_YOUR ASSIGNMENT:_ If a line in the data contains "import", copy it out.

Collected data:
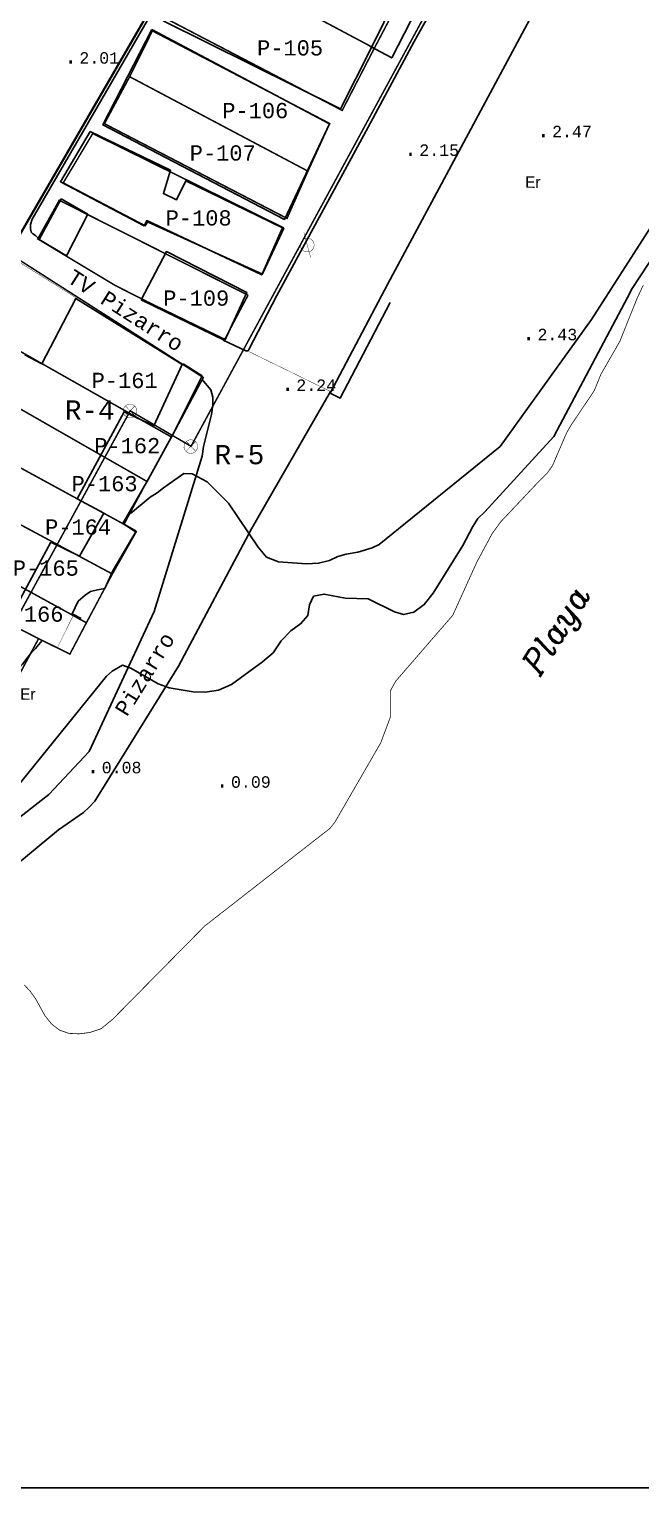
# Model space of a CAD drawing. Extents: x 743300 to 744100, y 4405700 to 4406200.
# Drawn here: x 743626.8 to 743706.6, y 4405700 to 4405890.3 of the extents above; entities that cross this region are included whole.
import ezdxf
from ezdxf.enums import TextEntityAlignment as Align

# ---------------------------------------------------------------- set-up
doc = ezdxf.new("R2010")
doc.units = 0
doc.header["$MEASUREMENT"] = 0
for name, color, linetype in [('10', 7, 'CONTINUOUS'), ('13', 7, 'CONTINUOUS'), ('16', 7, 'CONTINUOUS'), ('2', 7, 'CONTINUOUS'), ('21', 7, 'CONTINUOUS'), ('24', 7, 'CONTINUOUS'), ('32', 7, 'CONTINUOUS'), ('41', 7, 'CONTINUOUS'), ('42', 7, 'CONTINUOUS'), ('46', 7, 'CONTINUOUS'), ('50', 7, 'CONTINUOUS'), ('51', 7, 'CONTINUOUS'), ('54', 7, 'CONTINUOUS'), ('6', 7, 'CONTINUOUS'), ('8', 7, 'CONTINUOUS')]:
    doc.layers.add(name, color=color, linetype=linetype)
doc.styles.add('ITALICC', font='italicc', dxfattribs={"height": 0.2})
doc.styles.add('MONOTXT', font='monotxt', dxfattribs={"height": 0.2})
doc.styles.get("Standard").update_dxf_attribs({"font": 'txt', "height": 0.2})

msp = doc.modelspace()

# ---------------------------------------------------------------- linework, layer by layer
at = {"layer": '10', "color": 7, "linetype": 'Continuous', "const_width": 0.05}
for points in [[(743639.91, 4405841.38), (743640.34, 4405841.24), (743640.5299999998, 4405841.11), (743640.66, 4405840.94), (743640.77, 4405840.73), (743640.7999999998, 4405840.51), (743640.7999999998, 4405840.3), (743640.6099999999, 4405839.89), (743640.42, 4405839.73), (743640.23, 4405839.62), (743640.0199999998, 4405839.57), (743639.8, 4405839.57), (743639.5799999998, 4405839.62), (743639.4, 4405839.73), (743639.2099999998, 4405839.89), (743639.0199999998, 4405840.3), (743639.0400000002, 4405840.73), (743639.15, 4405840.94), (743639.29, 4405841.11), (743639.48, 4405841.24), (743639.91, 4405841.38)], [(743640.5299999998, 4405841.11), (743639.29, 4405839.84)], [(743639.31, 4405841.13), (743640.5600000002, 4405839.84)], [(743647.8499999999, 4405836.75), (743648.28, 4405836.61), (743648.47, 4405836.48), (743648.5999999999, 4405836.31), (743648.7099999998, 4405836.1), (743648.74, 4405835.88), (743648.74, 4405835.67), (743648.55, 4405835.26), (743648.36, 4405835.1), (743648.1699999998, 4405834.99), (743647.9599999998, 4405834.94), (743647.7399999999, 4405834.94), (743647.5200000001, 4405834.99), (743647.3399999999, 4405835.1), (743647.1499999998, 4405835.26), (743646.9599999998, 4405835.67), (743646.9799999999, 4405836.1), (743647.09, 4405836.31), (743647.2299999999, 4405836.48), (743647.4199999998, 4405836.61), (743647.8499999999, 4405836.75)], [(743648.47, 4405836.48), (743647.2299999999, 4405835.21)], [(743647.25, 4405836.5), (743648.4999999999, 4405835.21)]]:
    msp.add_lwpolyline(points, dxfattribs=at)
at = {"layer": '13', "color": 3, "linetype": 'Continuous', "const_width": 0.3}
msp.add_lwpolyline([(743553.8499999999, 4405735.76), (743596.5199999998, 4405812.66), (743622.92, 4405858.96), (743646.9099999998, 4405900.35), (743664.21, 4405929.2), (743707.2900000002, 4406000)], dxfattribs=at)
at = {"layer": '16', "color": 5, "linetype": 'Continuous', "const_width": 0.2}
msp.add_lwpolyline([(743737.2799999998, 4406000), (743730.8799999999, 4405988.21), (743686.35, 4405906.71), (743647.88, 4405835.86), (743639.9399999998, 4405840.49), (743608.2999999998, 4405782.61), (743569.75, 4405713.12)], dxfattribs=at)
at = {"layer": '2', "color": 7, "linetype": 'Continuous'}
msp.add_3dface([(744099.9999999999, 4405700), (744099.9999999999, 4406200), (743299.9999999999, 4406200), (743299.9999999999, 4405700)], dxfattribs=at)
at = {"layer": '21', "color": 30, "linetype": 'Continuous'}
for points, elevation in [([(743713.74, 4405869.01), (743705.4699999999, 4405856.46), (743704.8299999998, 4405855.28), (743695.2099999998, 4405837.14), (743686.2099999998, 4405827.310000001), (743685.33, 4405826.45), (743684.6399999999, 4405825.41), (743683.3499999999, 4405822.93), (743679.47, 4405816.7), (743678.31, 4405815.22), (743676.94, 4405814.24), (743675.59, 4405813.94), (743674.4299999998, 4405814.25), (743671.01, 4405815.95), (743667.98, 4405816.07), (743665.25, 4405816.59), (743663.88, 4405816.32), (743663.3299999998, 4405815.16), (743663.14, 4405813.8), (743662.2199999999, 4405812.73), (743660.8999999998, 4405811.78), (743659.66, 4405810.47), (743658.6099999999, 4405808.94), (743657.2000000002, 4405807.75), (743653.1699999998, 4405804.78), (743651.4599999998, 4405804.06), (743649.7399999999, 4405803.79), (743648.14, 4405803.85), (743645.0199999998, 4405804.34), (743643.61, 4405804.86), (743640.01, 4405806.92), (743638.9500000002, 4405807.29), (743637.59, 4405806.55), (743636.8399999999, 4405805.86), (743624.02, 4405790.02)], 1), ([(743711.2099999998, 4405869.63), (743700.13, 4405852.41), (743688.22, 4405835.83), (743672.4400000002, 4405823.03), (743671.5, 4405822.6), (743669.64, 4405822.06), (743668.12, 4405821.810000001), (743667.06, 4405821.49), (743665.95, 4405820.96), (743664.5299999998, 4405820.61), (743662.9299999998, 4405820.53), (743659.2899999998, 4405820.77), (743657.7499999999, 4405821.4), (743656.6199999999, 4405822.7), (743652.77, 4405828.43), (743649.9699999999, 4405831.23), (743648.04, 4405832.27), (743646.9200000002, 4405832.310000001), (743644.29, 4405830.46), (743643.48, 4405829.77), (743642.53, 4405829.22), (743639.9599999998, 4405827.08)], 2)]:
    msp.add_lwpolyline(points, dxfattribs=dict(at, elevation=elevation))
at = {"layer": '32', "color": 5, "linetype": 'Continuous', "const_width": 0.1}
msp.add_lwpolyline([(743706.9099999998, 4405856.89), (743706.0699999998, 4405855.09), (743703.84, 4405849.54), (743701.38, 4405845.26), (743700.4999999999, 4405843.11), (743697.5099999999, 4405838.67), (743696.93, 4405837.68), (743695.07, 4405833.37), (743694.4599999998, 4405832.47), (743693.17, 4405831.17), (743688.3299999998, 4405826.04), (743687.1899999998, 4405824.49), (743685.18, 4405820.75), (743682.04, 4405813.82), (743674.5999999999, 4405805.23), (743673.9000000001, 4405803.97), (743673.88, 4405800.49), (743672.6399999999, 4405797.18), (743666.6499999998, 4405786.82), (743666.02, 4405786.03), (743649.6599999998, 4405773.28), (743637.6199999999, 4405761.09), (743636.14, 4405759.89), (743634.65, 4405759.39), (743633.2499999999, 4405759.22), (743631.9200000002, 4405759.28), (743630.73, 4405759.7), (743629.69, 4405760.49), (743628.8399999999, 4405761.54), (743627.5999999999, 4405763.78), (743626.9, 4405764.76), (743626.1099999999, 4405765.6)], dxfattribs=at)
at = {"layer": '41', "color": 1, "linetype": 'Continuous', "extrusion": (-0.4363591542052767, -0.8997725760108805, 0), "const_width": 0.05, "elevation": -4288769.294939}
msp.add_lwpolyline([(-1253426.835020759, 8.88), (-1253438.293471789, 6.36)], dxfattribs=at)
at = {"layer": '41', "color": 1, "linetype": 'Continuous', "extrusion": (0.4946686549801307, 0.8690816542650917, 0), "const_width": 0.05, "elevation": 4196903.964193}
msp.add_lwpolyline([(1533164.8213293, 6.36), (1533153.096309044, 8.92)], dxfattribs=at)
at = {"layer": '41', "color": 1, "linetype": 'Continuous', "extrusion": (-0.04291648520016596, 0.01121849350004339, 0.9990156759038636), "const_width": 0.05, "elevation": 17518.074247}
msp.add_lwpolyline([(-4450694.209931677, -394415.4660918731), (-4450696.827593623, -394423.8072156545), (-4450690.055700715, -394425.1598303218)], dxfattribs=at)
at = {"layer": '41', "color": 1, "linetype": 'Continuous'}
msp.add_polyline3d([(743671.2299999999, 4405888.04, 12.62), (743674.0799999998, 4405886.52, 3.25), (743677.3299999998, 4405892.87, 3.25), (743676.78, 4405893.18, 3.25), (743684.45, 4405907.65, 3.59), (743685.2199999999, 4405907.22, 3.59), (743700.18, 4405935.13, 3.52), (743693.97, 4405938.2, 5.82)], dxfattribs=at)
at = {"layer": '46', "color": 7, "linetype": 'Continuous', "const_width": 0.2}
for points in [[(743697.5899999999, 4405936.47), (743694.8799999999, 4405930.92), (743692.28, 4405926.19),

_YOUR SOLUTION:_
import ezdxf
from ezdxf.enums import TextEntityAlignment as Align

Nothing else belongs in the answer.